EXERCISE INPUTS
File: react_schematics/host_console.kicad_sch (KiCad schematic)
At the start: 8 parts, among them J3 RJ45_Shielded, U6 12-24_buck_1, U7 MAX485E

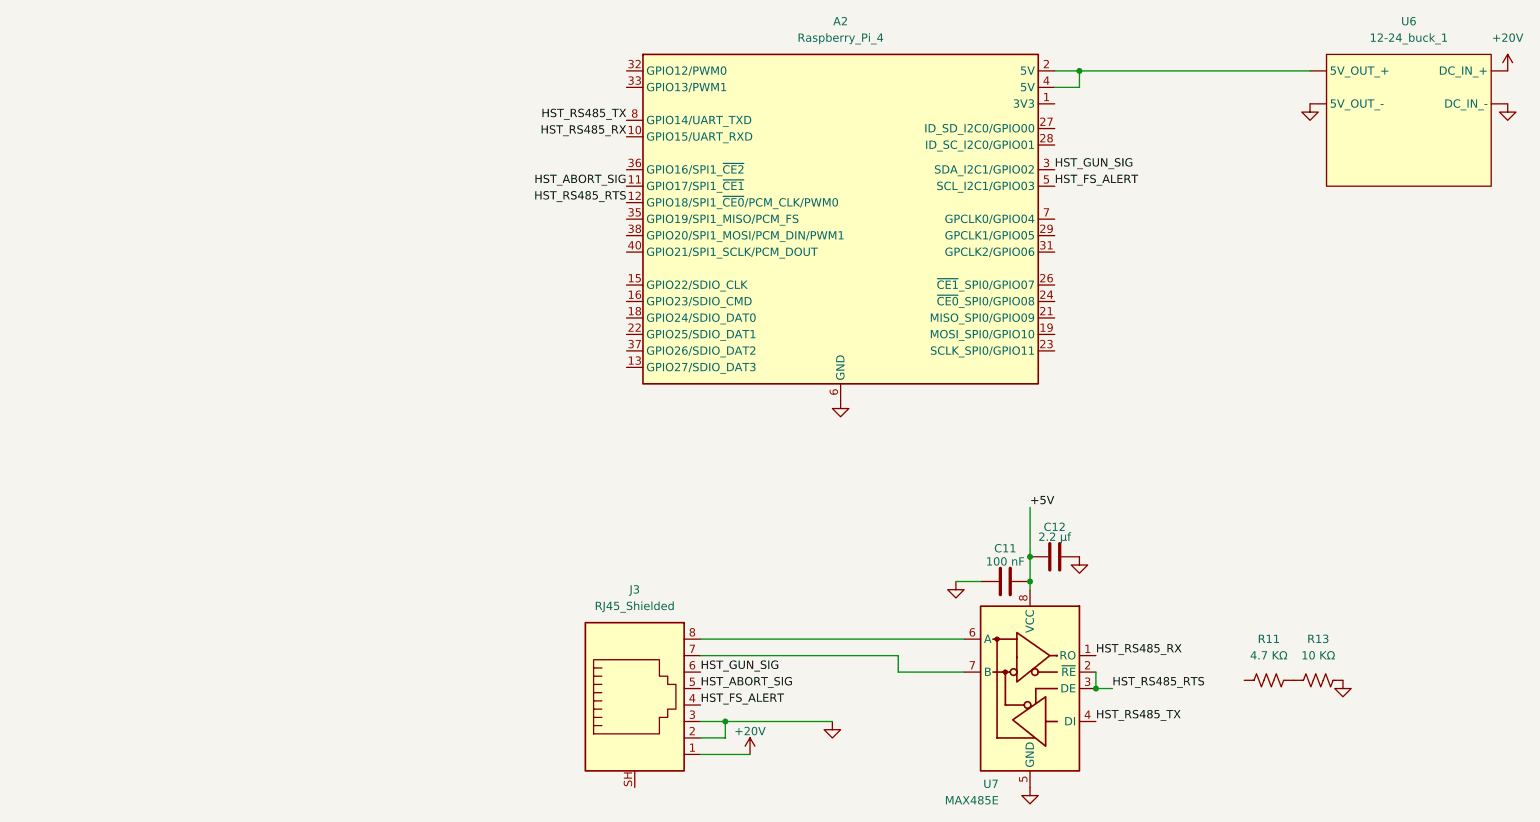
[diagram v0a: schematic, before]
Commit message: rs485 mode finally enabled
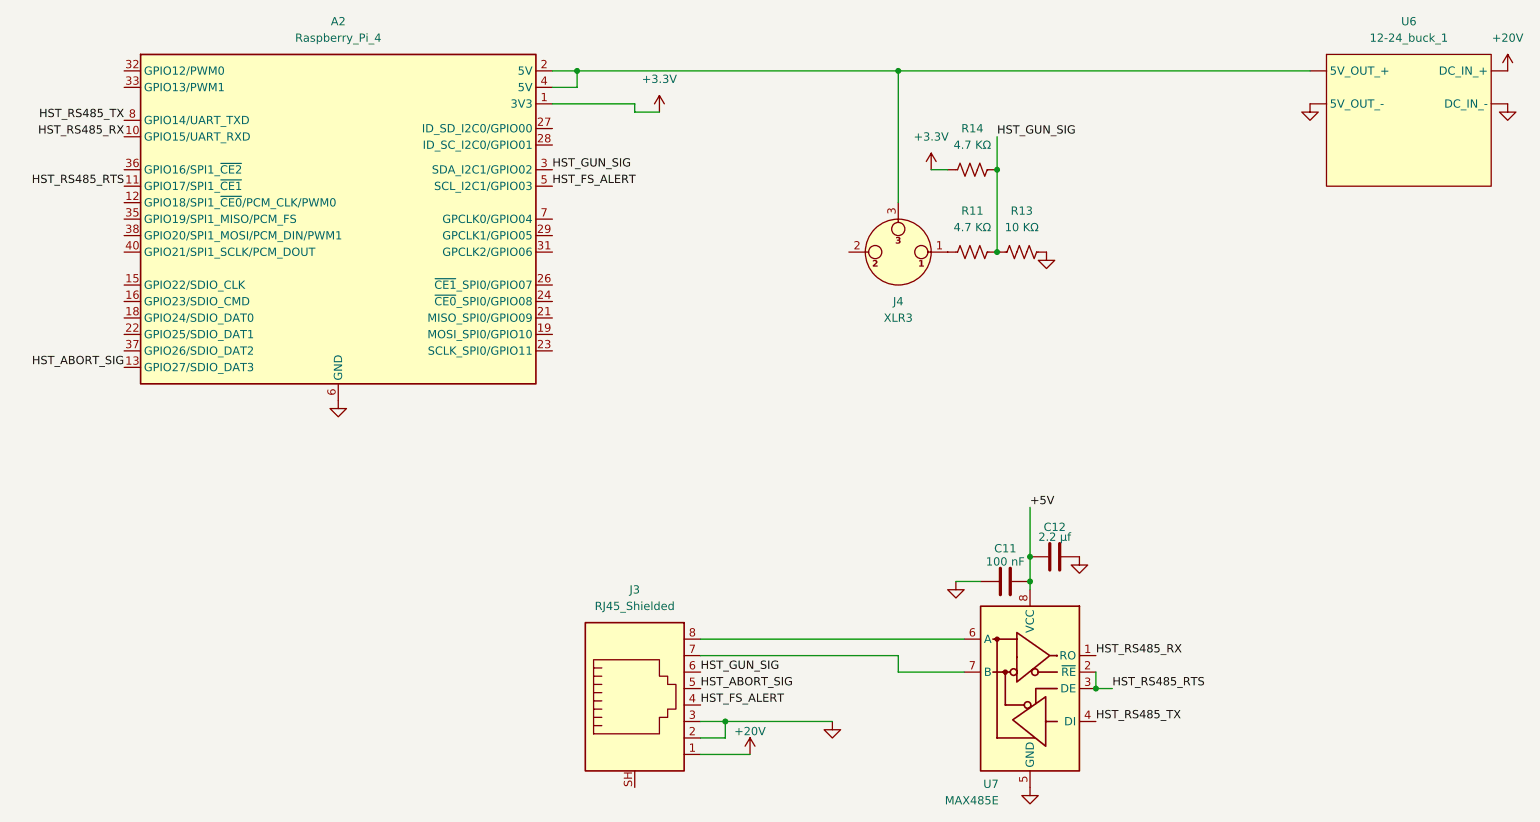
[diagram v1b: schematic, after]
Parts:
- added J4: XLR3, symbol Connector_Audio:XLR3
- added R14: 4.7 KΩ, symbol Device:R_US
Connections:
- net HST_ABORT_SIG: now also A2.13 (GPIO27/SDIO_DAT3); no longer A2.11 (GPIO17/SPI1_~{CE1})
- net HST_GUN_SIG: now also R11.1, R13.2, R14.1
- net HST_RS485_RTS: now also A2.11 (GPIO17/SPI1_~{CE1}); no longer A2.12 (GPIO18/SPI1_~{CE0}/PCM_CLK/PWM0)
- net at R11.2: now also J4.1
- net +3.3V: now reaches A2.1 (3V3)
- net +3.3V: now also R14.2
- net at A2.17 (3V3), A2.2 (5V), A2.4 (5V)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: now also J4.3
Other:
- moved on the sheet: A2, R11, R13

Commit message: uh-oh wah wahs
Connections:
- net HST_FS_ALERT: now also A2.7 (GPCLK0/GPIO04); no longer A2.5 (SCL_I2C1/GPIO03)
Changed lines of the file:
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@@
 	)
 	(label "HST_FS_ALERT"
-		(at 96.52 44.45 0)
+		(at 96.52 49.53 0)
 		(effects
 			(font

WORK TO COMPLETE
What you give back must match the entries exactly, apart from the omitted pictures.

RESULT FOR THIS TASK
File: react_schematics/host_console.kicad_sch (KiCad schematic)
At the start: 8 parts, among them J3 RJ45_Shielded, U6 12-24_buck_1, U7 MAX485E

[diagram v0a: schematic, before]
Commit message: rs485 mode finally enabled
[diagram v1b: schematic, after]
Parts:
- added J4: XLR3, symbol Connector_Audio:XLR3
- added R14: 4.7 KΩ, symbol Device:R_US
Connections:
- net HST_ABORT_SIG: now also A2.13 (GPIO27/SDIO_DAT3); no longer A2.11 (GPIO17/SPI1_~{CE1})
- net HST_GUN_SIG: now also R11.1, R13.2, R14.1
- net HST_RS485_RTS: now also A2.11 (GPIO17/SPI1_~{CE1}); no longer A2.12 (GPIO18/SPI1_~{CE0}/PCM_CLK/PWM0)
- net at R11.2: now also J4.1
- net +3.3V: now reaches A2.1 (3V3)
- net +3.3V: now also R14.2
- net at A2.17 (3V3), A2.2 (5V), A2.4 (5V): now also J4.3
Other:
- moved on the sheet: A2, R11, R13

Commit message: uh-oh wah wahs
Connections:
- net HST_FS_ALERT: now also A2.7 (GPCLK0/GPIO04); no longer A2.5 (SCL_I2C1/GPIO03)
Changed lines of the file:
@@
 	)
 	(label "HST_FS_ALERT"
-		(at 96.52 44.45 0)
+		(at 96.52 49.53 0)
 		(effects
 			(font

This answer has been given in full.